Beach Boys, Stereolab, Crosby Stills Nash & Young, Moody Blues, Mutantes e até os Beatles do álbum Abbey Road (1969) residem em Song of the Earth, projeto do músico David Longstreth com seu grupo Dirty Projectors e a orquestra de câmara berlinense Stargaze. É um disco de música clássica feito por quem tem os dois pés no universo do rock e da música pop, com sonoridade luminosa e, às vezes, psicodélica.

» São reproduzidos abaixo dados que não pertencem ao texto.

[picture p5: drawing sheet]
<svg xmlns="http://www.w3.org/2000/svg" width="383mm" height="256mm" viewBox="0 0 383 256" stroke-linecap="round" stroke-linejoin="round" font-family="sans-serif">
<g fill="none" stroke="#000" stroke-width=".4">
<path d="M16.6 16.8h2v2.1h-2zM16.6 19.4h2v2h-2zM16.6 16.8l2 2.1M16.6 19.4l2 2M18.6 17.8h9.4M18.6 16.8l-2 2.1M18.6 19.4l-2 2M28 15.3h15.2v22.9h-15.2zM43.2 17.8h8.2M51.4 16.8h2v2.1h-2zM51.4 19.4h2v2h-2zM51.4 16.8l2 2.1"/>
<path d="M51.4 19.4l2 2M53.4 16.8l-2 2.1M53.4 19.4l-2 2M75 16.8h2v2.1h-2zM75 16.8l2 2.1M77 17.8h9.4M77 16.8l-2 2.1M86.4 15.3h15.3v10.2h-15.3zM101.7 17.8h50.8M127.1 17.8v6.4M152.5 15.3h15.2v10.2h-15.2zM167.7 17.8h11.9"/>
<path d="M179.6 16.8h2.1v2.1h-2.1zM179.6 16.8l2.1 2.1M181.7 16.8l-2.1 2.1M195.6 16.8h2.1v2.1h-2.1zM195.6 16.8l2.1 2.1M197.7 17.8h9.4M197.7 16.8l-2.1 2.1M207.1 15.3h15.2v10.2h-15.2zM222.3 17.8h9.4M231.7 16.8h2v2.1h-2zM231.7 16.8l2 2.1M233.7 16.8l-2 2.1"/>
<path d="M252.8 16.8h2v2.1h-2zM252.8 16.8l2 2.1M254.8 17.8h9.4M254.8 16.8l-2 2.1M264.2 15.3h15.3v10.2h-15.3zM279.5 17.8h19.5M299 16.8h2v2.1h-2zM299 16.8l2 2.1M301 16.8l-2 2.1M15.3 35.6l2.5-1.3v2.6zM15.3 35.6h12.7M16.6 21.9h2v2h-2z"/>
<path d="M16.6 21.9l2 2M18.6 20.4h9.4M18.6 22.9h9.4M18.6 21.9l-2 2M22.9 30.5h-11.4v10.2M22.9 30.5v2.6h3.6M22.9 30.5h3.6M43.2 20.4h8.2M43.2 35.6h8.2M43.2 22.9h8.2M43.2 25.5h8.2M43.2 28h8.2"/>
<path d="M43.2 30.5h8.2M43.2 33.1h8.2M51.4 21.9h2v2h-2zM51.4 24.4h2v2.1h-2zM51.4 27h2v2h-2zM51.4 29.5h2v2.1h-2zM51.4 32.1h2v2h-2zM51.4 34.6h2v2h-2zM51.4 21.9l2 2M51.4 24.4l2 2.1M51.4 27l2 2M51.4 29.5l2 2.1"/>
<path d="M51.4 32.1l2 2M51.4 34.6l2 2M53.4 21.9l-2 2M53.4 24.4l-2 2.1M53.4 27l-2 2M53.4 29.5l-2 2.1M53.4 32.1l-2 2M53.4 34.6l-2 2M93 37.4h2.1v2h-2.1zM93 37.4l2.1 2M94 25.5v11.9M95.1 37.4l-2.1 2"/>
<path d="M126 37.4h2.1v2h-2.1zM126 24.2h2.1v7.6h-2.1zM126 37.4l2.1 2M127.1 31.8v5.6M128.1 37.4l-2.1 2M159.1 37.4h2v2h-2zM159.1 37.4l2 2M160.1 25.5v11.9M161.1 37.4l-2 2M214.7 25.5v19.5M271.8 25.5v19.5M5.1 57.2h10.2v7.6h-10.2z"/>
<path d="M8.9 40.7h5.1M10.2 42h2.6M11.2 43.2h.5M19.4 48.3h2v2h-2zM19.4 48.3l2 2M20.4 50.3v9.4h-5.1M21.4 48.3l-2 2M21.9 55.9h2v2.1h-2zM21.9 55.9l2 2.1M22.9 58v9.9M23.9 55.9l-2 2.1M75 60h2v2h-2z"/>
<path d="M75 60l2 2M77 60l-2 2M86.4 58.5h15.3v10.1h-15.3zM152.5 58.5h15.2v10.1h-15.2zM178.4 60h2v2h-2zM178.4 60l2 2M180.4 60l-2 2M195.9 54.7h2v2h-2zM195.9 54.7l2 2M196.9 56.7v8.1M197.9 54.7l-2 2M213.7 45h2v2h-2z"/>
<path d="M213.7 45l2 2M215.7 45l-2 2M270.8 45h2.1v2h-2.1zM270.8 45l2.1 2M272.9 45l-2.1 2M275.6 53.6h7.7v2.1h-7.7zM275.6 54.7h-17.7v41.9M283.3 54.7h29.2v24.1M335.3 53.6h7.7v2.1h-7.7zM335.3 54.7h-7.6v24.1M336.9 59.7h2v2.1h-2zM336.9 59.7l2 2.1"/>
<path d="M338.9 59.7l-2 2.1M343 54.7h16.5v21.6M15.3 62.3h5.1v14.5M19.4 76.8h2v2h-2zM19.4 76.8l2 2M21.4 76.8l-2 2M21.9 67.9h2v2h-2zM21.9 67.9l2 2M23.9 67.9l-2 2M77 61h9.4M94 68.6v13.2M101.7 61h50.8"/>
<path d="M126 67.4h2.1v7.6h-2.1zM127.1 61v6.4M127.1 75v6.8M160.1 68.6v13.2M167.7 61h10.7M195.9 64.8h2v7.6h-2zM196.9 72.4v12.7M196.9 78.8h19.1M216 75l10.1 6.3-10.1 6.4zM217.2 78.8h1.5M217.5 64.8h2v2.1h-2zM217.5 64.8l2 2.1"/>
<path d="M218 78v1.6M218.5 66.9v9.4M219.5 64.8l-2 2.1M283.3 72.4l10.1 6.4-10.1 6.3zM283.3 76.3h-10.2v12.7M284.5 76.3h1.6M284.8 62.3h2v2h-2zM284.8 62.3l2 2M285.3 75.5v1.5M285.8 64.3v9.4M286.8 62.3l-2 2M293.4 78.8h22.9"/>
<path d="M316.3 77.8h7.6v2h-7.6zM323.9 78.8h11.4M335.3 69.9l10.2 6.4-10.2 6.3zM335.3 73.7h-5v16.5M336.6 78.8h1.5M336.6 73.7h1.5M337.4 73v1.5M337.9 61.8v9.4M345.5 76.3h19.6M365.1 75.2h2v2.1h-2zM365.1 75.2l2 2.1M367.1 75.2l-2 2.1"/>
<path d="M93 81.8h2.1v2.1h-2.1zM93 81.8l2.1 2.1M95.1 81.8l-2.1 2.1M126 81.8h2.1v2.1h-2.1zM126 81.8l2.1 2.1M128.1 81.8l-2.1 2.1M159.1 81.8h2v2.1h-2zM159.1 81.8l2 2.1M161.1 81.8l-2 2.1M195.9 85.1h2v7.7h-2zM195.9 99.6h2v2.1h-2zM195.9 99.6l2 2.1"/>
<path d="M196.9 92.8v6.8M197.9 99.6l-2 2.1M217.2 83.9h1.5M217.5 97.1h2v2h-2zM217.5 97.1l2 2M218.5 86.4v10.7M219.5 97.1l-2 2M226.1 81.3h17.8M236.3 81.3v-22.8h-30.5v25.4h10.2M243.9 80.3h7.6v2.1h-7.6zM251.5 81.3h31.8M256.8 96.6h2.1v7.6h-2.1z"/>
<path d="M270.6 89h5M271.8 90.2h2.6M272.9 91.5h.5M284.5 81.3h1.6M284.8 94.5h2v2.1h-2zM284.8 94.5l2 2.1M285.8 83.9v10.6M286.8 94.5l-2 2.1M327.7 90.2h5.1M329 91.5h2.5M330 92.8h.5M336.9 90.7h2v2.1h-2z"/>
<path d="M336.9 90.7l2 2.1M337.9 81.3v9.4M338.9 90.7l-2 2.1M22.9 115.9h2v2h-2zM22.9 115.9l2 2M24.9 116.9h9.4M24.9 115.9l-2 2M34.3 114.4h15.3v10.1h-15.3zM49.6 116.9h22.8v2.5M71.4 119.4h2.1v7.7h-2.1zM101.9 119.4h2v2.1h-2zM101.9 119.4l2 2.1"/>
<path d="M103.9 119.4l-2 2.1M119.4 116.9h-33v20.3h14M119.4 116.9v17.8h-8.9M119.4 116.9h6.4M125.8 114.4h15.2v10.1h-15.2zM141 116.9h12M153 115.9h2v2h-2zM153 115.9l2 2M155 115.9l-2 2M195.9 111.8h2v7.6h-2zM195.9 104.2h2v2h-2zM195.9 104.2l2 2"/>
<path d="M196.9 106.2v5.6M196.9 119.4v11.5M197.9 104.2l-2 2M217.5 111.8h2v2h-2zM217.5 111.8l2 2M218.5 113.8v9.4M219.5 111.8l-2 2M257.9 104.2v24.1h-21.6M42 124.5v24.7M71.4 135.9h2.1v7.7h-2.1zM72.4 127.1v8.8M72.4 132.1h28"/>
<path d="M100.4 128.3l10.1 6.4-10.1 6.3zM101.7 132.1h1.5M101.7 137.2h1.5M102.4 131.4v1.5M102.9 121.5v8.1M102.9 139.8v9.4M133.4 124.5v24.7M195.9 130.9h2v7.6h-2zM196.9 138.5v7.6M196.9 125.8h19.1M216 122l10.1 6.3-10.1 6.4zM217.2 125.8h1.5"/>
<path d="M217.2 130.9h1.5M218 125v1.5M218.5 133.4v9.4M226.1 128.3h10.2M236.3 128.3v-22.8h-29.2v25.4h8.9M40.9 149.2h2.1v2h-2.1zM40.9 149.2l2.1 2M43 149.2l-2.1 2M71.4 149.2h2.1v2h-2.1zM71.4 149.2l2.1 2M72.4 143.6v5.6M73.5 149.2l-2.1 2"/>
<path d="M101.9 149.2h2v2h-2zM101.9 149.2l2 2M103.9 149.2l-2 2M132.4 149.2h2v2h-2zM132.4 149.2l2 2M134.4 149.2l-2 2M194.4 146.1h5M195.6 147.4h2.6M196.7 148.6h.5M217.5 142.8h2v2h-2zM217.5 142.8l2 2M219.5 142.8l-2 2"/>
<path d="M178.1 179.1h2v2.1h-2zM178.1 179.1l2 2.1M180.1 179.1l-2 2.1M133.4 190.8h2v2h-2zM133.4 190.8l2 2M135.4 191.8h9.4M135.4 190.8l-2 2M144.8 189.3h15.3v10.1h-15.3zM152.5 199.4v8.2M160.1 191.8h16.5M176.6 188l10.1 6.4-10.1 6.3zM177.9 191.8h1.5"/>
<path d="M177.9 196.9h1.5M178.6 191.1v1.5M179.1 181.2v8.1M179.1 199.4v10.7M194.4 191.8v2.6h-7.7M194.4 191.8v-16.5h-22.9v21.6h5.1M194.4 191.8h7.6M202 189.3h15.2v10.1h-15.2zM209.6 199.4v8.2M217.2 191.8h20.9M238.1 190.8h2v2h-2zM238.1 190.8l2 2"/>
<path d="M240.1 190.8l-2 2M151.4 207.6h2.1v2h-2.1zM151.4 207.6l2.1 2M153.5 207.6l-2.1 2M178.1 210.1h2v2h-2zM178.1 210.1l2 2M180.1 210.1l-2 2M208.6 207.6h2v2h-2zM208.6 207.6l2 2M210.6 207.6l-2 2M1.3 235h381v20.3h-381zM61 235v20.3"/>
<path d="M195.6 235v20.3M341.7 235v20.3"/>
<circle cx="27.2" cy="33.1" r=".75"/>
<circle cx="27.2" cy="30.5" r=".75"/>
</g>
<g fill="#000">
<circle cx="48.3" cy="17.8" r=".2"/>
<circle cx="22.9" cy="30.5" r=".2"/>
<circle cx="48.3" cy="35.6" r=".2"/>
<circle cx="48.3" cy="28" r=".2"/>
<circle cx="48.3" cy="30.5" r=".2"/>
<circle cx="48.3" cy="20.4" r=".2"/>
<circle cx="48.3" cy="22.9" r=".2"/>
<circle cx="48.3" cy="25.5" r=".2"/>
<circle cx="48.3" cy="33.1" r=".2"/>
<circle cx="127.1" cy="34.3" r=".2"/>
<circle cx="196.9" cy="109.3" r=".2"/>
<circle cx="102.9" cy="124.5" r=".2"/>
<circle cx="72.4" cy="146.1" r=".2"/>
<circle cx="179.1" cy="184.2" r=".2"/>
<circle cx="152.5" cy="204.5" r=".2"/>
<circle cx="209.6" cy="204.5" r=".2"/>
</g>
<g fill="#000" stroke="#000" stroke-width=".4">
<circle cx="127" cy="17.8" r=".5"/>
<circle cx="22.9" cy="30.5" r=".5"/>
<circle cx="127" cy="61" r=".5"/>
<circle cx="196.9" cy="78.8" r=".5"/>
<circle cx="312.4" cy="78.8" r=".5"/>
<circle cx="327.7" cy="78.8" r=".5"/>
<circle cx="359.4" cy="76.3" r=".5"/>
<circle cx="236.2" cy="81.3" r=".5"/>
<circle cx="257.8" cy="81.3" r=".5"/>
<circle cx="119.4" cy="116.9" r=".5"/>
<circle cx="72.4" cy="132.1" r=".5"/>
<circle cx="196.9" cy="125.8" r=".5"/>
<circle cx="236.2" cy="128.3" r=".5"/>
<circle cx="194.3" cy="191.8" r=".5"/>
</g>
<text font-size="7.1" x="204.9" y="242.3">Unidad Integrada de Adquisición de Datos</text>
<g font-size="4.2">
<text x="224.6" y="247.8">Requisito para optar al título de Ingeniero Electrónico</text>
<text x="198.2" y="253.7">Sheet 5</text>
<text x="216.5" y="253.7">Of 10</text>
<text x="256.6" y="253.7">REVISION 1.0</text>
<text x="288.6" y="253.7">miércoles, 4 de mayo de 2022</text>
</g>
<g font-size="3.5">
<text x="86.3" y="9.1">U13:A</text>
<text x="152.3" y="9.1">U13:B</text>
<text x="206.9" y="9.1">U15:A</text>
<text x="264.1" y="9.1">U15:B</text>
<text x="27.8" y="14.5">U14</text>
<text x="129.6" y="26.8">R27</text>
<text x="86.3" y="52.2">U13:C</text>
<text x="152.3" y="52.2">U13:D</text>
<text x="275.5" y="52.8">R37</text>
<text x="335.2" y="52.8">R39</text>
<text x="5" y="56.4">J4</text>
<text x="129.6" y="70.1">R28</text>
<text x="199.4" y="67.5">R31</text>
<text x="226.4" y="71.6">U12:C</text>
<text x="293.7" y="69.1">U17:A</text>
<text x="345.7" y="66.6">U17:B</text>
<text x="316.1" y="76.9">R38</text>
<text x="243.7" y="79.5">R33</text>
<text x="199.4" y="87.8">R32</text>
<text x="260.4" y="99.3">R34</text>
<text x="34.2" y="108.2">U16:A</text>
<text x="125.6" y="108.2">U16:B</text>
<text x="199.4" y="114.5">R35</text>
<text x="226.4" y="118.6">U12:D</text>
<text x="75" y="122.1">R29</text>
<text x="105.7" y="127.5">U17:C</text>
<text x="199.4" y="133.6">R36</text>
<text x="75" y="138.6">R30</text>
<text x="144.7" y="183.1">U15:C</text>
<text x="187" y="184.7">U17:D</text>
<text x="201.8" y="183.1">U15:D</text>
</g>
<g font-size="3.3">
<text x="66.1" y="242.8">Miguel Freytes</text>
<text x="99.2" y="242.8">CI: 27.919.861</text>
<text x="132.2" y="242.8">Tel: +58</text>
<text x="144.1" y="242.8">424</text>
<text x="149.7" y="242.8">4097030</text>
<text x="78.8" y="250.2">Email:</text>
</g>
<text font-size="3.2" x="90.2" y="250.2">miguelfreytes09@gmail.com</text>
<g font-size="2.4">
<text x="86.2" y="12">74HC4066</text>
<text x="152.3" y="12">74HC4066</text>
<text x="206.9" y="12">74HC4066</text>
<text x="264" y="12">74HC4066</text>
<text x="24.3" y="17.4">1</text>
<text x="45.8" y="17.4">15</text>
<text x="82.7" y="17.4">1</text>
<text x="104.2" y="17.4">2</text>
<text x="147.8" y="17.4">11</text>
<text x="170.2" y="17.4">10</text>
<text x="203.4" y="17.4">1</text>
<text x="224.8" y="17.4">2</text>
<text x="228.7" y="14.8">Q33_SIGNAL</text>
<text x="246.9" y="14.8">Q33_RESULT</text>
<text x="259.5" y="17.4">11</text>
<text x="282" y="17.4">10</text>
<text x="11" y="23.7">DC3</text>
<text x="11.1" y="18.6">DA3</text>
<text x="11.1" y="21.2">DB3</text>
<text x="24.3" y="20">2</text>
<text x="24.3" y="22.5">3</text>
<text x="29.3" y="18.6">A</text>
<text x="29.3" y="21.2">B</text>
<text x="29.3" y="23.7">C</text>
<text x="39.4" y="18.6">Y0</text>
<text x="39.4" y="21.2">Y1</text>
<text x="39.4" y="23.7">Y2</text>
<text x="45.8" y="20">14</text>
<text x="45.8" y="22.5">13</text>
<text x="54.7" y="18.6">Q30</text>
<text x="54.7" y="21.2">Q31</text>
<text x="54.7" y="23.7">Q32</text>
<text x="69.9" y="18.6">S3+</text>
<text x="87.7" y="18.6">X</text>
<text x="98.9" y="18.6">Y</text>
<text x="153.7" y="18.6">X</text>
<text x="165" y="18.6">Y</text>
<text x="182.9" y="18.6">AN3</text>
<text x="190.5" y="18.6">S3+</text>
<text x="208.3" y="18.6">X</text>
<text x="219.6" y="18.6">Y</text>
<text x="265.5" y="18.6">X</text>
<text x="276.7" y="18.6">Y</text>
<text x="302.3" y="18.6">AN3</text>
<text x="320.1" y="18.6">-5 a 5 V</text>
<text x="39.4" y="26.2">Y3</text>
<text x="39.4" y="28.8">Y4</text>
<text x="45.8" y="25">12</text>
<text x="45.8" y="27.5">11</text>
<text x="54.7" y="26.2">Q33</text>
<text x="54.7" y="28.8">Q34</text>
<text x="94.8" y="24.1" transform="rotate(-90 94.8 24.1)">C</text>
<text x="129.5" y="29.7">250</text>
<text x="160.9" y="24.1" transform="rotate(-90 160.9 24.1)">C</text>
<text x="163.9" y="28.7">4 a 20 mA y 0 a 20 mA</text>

Trazendo uma lista de colaboradores que inclui Phil Elverum, Steve Lacy, Patrick Shiroishi, Anastasia Coope, Ayoni, Portraits of Tracy e até o brasileiro Tim Bernardes (que surge na “voz de rádio”, gravada como se fosse um registro antigo, da vinheta Appetite), Song of the Earth tenta pôr em música e letra os problemas que surgiram de incêndios florestais na Califórnia em 2020. São 24 faixas, que somam 64 minutos de audição, abertas pela felicidade de Summer light e Gimme bread. E prosseguidas pelo contraste entre luz e sombra de At home, que soa como luz entrando num ambiente escuro, Circled in purple, Opposable thumb (com “piano preparado” e tom de trilha de programa de rádio) e Our green garden – essa última faz lembrar discos orquestrais antigos.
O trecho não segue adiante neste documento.